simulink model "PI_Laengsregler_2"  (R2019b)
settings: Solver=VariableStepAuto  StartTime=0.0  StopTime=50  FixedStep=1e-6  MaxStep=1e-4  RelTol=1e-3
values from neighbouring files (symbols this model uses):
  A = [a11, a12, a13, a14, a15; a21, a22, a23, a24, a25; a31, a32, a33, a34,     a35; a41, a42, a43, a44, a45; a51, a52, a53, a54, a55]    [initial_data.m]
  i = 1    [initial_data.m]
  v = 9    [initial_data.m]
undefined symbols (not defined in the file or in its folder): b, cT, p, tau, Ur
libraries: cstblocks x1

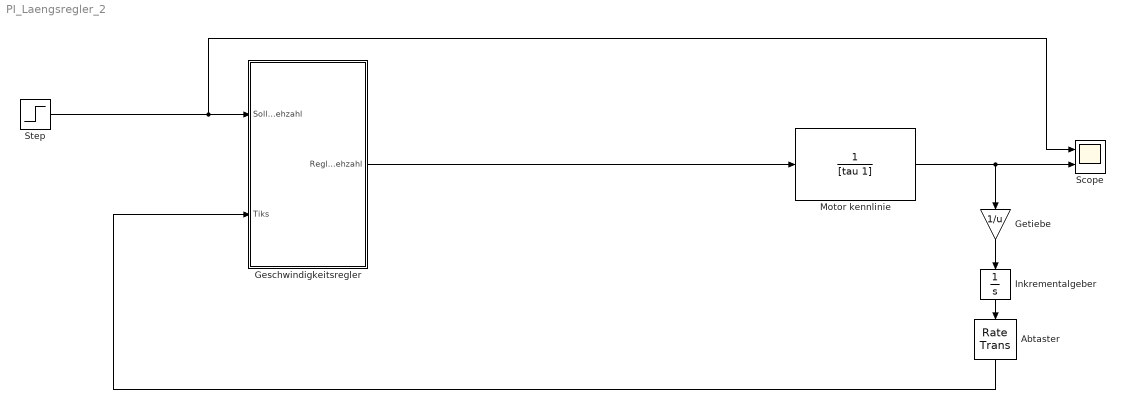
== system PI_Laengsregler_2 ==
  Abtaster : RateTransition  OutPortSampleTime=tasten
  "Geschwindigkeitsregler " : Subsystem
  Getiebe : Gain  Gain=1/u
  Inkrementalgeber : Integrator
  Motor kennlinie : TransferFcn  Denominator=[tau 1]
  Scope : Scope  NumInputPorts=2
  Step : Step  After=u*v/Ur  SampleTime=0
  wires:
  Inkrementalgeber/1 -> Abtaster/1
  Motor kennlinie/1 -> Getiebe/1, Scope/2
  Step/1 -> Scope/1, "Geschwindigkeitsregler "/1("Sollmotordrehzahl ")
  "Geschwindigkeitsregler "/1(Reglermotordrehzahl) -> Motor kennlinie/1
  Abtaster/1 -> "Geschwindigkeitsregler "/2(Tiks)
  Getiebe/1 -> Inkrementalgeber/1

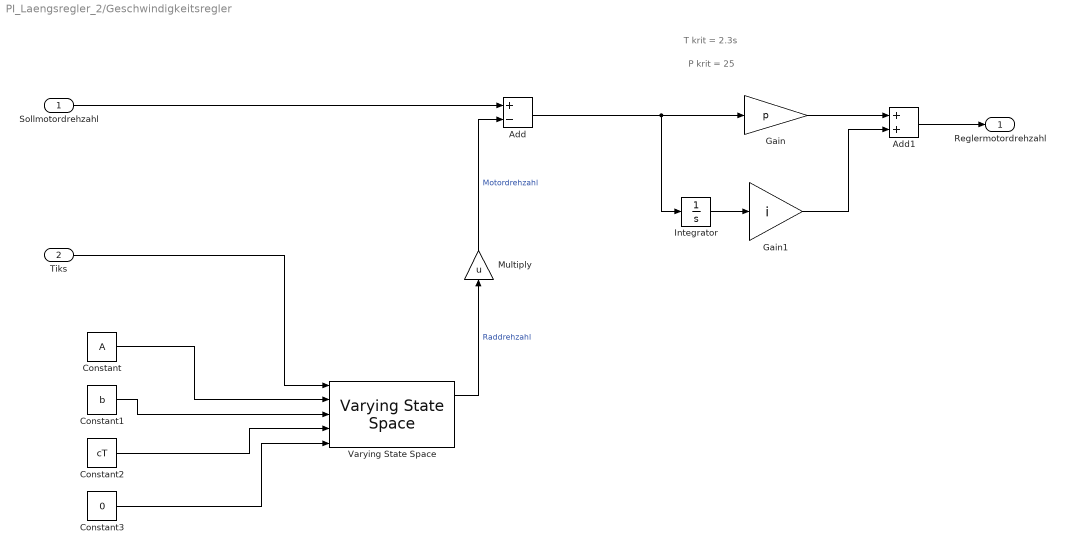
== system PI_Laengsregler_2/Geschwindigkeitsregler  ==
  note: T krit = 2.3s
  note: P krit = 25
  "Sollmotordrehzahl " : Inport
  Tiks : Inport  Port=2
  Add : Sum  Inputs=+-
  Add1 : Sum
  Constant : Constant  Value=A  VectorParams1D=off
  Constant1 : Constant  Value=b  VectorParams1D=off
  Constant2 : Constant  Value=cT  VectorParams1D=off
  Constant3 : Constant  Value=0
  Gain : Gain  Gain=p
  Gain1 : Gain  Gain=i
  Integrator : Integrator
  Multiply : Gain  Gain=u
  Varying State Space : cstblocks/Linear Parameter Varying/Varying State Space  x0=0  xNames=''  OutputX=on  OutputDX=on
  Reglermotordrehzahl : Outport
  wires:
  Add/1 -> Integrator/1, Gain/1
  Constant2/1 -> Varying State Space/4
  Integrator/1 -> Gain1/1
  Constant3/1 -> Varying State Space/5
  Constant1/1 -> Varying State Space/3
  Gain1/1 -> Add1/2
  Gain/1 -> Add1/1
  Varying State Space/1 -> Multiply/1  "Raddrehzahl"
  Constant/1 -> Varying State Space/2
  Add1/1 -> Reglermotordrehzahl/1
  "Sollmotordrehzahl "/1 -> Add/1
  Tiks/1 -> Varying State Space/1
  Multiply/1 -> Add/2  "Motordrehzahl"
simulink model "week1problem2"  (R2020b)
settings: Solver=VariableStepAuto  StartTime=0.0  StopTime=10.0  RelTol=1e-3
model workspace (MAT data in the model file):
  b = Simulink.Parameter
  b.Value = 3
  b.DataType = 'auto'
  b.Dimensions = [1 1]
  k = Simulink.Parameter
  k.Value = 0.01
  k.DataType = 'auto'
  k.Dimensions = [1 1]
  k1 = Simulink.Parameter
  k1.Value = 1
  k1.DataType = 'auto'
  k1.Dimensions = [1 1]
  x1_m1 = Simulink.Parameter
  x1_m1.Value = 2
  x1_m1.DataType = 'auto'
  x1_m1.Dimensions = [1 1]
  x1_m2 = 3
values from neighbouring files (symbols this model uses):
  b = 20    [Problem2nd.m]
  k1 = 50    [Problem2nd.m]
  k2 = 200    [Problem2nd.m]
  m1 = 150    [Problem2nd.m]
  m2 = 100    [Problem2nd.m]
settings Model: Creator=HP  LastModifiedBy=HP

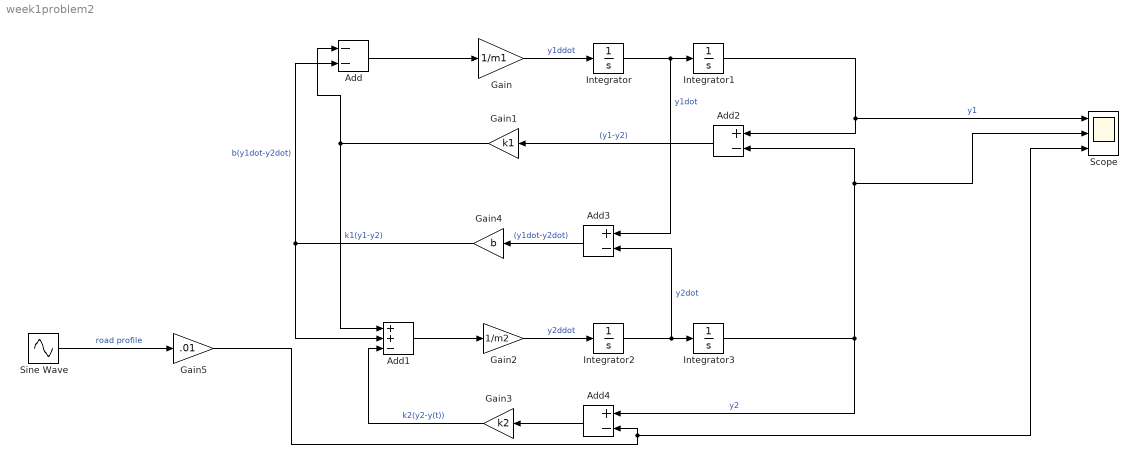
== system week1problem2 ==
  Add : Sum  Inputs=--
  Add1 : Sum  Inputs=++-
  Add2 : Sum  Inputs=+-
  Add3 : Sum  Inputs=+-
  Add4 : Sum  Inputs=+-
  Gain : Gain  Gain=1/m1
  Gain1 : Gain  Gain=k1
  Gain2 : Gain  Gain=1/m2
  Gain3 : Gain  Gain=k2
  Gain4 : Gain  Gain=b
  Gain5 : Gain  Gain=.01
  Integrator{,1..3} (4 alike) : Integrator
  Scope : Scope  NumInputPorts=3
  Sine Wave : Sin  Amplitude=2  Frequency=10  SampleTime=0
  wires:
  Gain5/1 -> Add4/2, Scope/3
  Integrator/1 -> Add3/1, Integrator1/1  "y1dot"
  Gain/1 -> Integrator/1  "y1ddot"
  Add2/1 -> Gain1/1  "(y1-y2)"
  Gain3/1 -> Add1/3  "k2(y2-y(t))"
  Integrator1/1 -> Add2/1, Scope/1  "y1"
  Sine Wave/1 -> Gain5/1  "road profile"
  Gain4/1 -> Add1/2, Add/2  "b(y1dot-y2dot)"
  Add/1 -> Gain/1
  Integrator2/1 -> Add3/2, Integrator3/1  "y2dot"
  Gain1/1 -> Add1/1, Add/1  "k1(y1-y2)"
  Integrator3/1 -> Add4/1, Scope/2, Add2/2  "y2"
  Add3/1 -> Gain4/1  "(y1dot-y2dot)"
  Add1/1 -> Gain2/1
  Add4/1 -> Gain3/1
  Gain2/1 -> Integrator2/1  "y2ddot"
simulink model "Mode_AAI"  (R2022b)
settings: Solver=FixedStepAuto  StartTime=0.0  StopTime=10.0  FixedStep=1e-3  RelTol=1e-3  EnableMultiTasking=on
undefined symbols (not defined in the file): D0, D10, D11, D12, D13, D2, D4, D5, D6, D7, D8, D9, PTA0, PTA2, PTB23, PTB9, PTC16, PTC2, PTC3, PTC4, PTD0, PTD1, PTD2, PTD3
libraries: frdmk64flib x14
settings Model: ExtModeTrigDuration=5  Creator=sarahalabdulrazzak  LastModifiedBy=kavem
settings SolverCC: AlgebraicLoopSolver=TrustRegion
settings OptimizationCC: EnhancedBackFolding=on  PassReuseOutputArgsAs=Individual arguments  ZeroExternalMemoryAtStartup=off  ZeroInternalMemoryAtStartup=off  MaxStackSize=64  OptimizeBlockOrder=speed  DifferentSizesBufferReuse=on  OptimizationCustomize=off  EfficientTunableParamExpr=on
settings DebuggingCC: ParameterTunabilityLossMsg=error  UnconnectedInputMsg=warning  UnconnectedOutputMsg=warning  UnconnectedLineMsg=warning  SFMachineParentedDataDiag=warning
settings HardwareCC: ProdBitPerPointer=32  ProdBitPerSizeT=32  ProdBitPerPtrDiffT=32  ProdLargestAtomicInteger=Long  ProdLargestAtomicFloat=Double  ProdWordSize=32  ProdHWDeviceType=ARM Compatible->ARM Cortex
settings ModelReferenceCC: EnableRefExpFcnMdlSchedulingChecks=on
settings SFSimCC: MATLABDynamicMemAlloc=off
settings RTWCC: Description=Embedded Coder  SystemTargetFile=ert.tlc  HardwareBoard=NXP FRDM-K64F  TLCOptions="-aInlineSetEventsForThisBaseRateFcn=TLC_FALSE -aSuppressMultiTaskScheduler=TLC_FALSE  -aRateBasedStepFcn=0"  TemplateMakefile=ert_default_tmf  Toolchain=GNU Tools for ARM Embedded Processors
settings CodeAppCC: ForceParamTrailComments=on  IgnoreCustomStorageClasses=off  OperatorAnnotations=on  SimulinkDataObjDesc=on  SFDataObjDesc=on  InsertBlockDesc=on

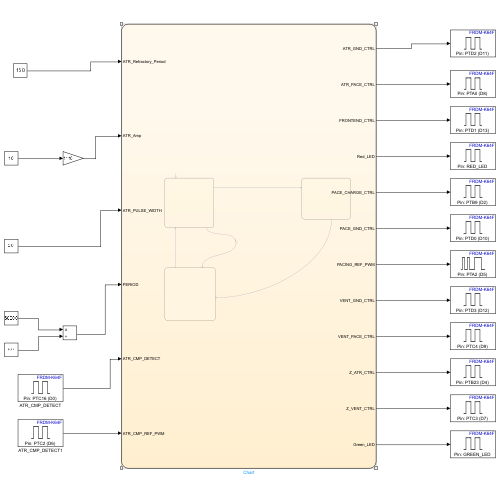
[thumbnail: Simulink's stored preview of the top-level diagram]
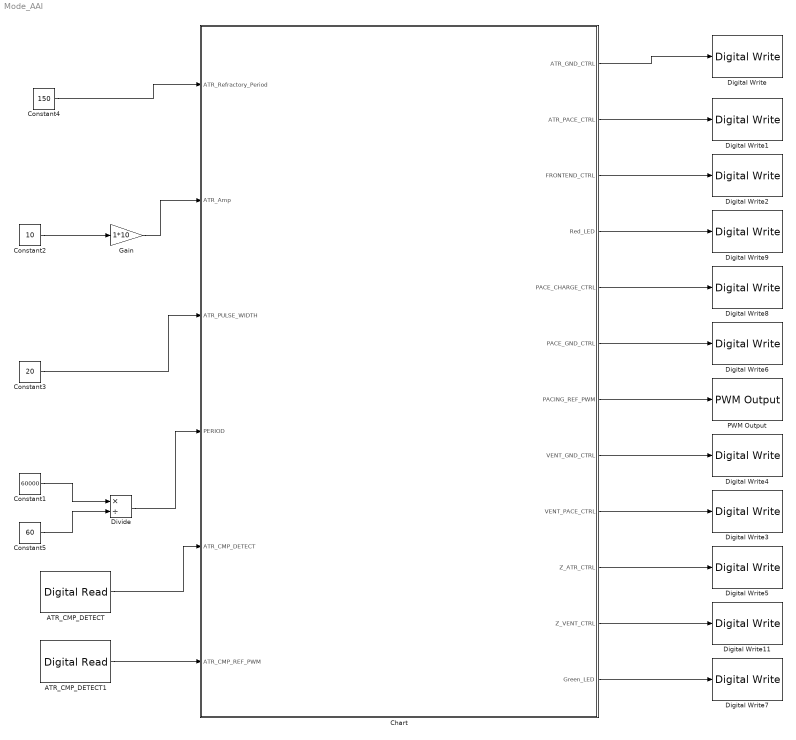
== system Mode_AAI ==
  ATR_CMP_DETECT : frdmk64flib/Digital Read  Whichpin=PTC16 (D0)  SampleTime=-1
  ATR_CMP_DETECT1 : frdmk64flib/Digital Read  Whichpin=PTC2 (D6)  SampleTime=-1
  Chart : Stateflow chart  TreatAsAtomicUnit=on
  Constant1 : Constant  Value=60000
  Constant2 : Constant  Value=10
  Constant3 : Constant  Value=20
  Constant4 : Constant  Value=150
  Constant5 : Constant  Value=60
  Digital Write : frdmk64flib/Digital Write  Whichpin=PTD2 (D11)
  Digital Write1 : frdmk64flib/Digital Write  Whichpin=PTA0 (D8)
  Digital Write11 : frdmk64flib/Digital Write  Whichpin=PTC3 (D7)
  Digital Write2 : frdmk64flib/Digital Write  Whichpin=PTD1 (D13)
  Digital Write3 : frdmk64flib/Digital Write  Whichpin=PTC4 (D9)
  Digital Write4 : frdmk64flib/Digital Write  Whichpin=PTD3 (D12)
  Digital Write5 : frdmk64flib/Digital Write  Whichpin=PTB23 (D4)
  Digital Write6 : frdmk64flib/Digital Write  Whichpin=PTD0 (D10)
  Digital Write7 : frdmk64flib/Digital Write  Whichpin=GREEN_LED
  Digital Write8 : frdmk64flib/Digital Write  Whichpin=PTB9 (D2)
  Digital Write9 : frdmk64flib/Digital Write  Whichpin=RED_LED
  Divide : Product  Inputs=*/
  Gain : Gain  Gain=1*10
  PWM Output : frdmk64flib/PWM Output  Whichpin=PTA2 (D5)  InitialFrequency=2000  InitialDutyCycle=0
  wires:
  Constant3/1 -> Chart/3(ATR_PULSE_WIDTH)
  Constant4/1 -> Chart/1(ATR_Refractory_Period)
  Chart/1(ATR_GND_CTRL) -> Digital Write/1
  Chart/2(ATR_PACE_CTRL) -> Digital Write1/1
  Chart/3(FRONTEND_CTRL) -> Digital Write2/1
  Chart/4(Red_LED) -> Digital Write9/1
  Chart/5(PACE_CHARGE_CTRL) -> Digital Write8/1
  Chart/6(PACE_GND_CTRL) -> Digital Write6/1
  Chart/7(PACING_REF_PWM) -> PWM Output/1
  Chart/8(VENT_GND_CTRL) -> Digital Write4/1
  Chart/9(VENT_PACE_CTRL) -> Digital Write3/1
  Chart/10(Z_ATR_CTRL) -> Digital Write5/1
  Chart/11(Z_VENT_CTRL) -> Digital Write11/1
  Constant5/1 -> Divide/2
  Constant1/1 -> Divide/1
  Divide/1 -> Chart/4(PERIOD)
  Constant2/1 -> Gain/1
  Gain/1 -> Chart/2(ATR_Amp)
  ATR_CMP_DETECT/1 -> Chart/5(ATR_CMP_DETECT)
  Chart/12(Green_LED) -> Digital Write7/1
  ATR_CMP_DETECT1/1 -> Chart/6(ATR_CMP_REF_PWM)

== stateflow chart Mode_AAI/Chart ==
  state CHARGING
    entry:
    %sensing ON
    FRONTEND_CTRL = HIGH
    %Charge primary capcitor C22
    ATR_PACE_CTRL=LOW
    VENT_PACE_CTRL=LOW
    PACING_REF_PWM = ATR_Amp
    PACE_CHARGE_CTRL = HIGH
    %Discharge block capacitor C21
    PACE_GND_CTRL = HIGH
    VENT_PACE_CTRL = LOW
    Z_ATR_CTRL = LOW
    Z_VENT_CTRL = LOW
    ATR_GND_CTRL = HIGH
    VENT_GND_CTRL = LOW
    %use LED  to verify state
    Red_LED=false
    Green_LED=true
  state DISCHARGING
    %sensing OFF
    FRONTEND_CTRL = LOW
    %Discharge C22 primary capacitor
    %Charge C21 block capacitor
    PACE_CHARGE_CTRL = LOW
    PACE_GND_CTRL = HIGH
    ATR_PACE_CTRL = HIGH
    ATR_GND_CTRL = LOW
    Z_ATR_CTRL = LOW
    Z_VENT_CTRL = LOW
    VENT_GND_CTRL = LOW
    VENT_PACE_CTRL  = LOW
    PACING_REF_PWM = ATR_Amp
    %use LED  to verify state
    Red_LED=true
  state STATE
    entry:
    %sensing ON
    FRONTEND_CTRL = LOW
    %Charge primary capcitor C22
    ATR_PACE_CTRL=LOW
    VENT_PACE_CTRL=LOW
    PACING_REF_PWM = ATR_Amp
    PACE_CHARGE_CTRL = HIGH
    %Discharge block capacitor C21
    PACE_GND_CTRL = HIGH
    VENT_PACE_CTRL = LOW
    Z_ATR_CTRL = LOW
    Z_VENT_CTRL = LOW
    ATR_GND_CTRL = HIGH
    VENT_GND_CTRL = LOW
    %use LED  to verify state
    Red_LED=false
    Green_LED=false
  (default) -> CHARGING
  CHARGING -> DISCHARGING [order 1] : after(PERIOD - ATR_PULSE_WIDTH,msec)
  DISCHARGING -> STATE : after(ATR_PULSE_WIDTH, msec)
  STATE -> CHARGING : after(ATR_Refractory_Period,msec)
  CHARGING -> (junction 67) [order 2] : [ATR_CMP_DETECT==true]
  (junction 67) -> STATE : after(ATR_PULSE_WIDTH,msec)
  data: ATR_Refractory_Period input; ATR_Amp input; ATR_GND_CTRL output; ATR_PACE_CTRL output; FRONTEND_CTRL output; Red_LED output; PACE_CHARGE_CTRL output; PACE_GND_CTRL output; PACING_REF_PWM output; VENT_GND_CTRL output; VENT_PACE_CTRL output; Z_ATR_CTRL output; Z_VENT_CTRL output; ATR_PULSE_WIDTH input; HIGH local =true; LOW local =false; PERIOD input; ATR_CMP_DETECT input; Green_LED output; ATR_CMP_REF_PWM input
━━━━━━━━━━━━━━━━━━━━
Your answer should be the lines above, from the line containing "k1.Dimensions = [1 1]" up to and including the line containing "settings Model: Creator=HP", reproduced exactly and with nothing else.

_Solution to the exercise_
  k1.Dimensions = [1 1]
  x1_m1 = Simulink.Parameter
  x1_m1.Value = 2
  x1_m1.DataType = 'auto'
  x1_m1.Dimensions = [1 1]
  x1_m2 = 3
values from neighbouring files (symbols this model uses):
  b = 20    [Problem2nd.m]
  k1 = 50    [Problem2nd.m]
  k2 = 200    [Problem2nd.m]
  m1 = 150    [Problem2nd.m]
  m2 = 100    [Problem2nd.m]
settings Model: Creator=HP  LastModifiedBy=HP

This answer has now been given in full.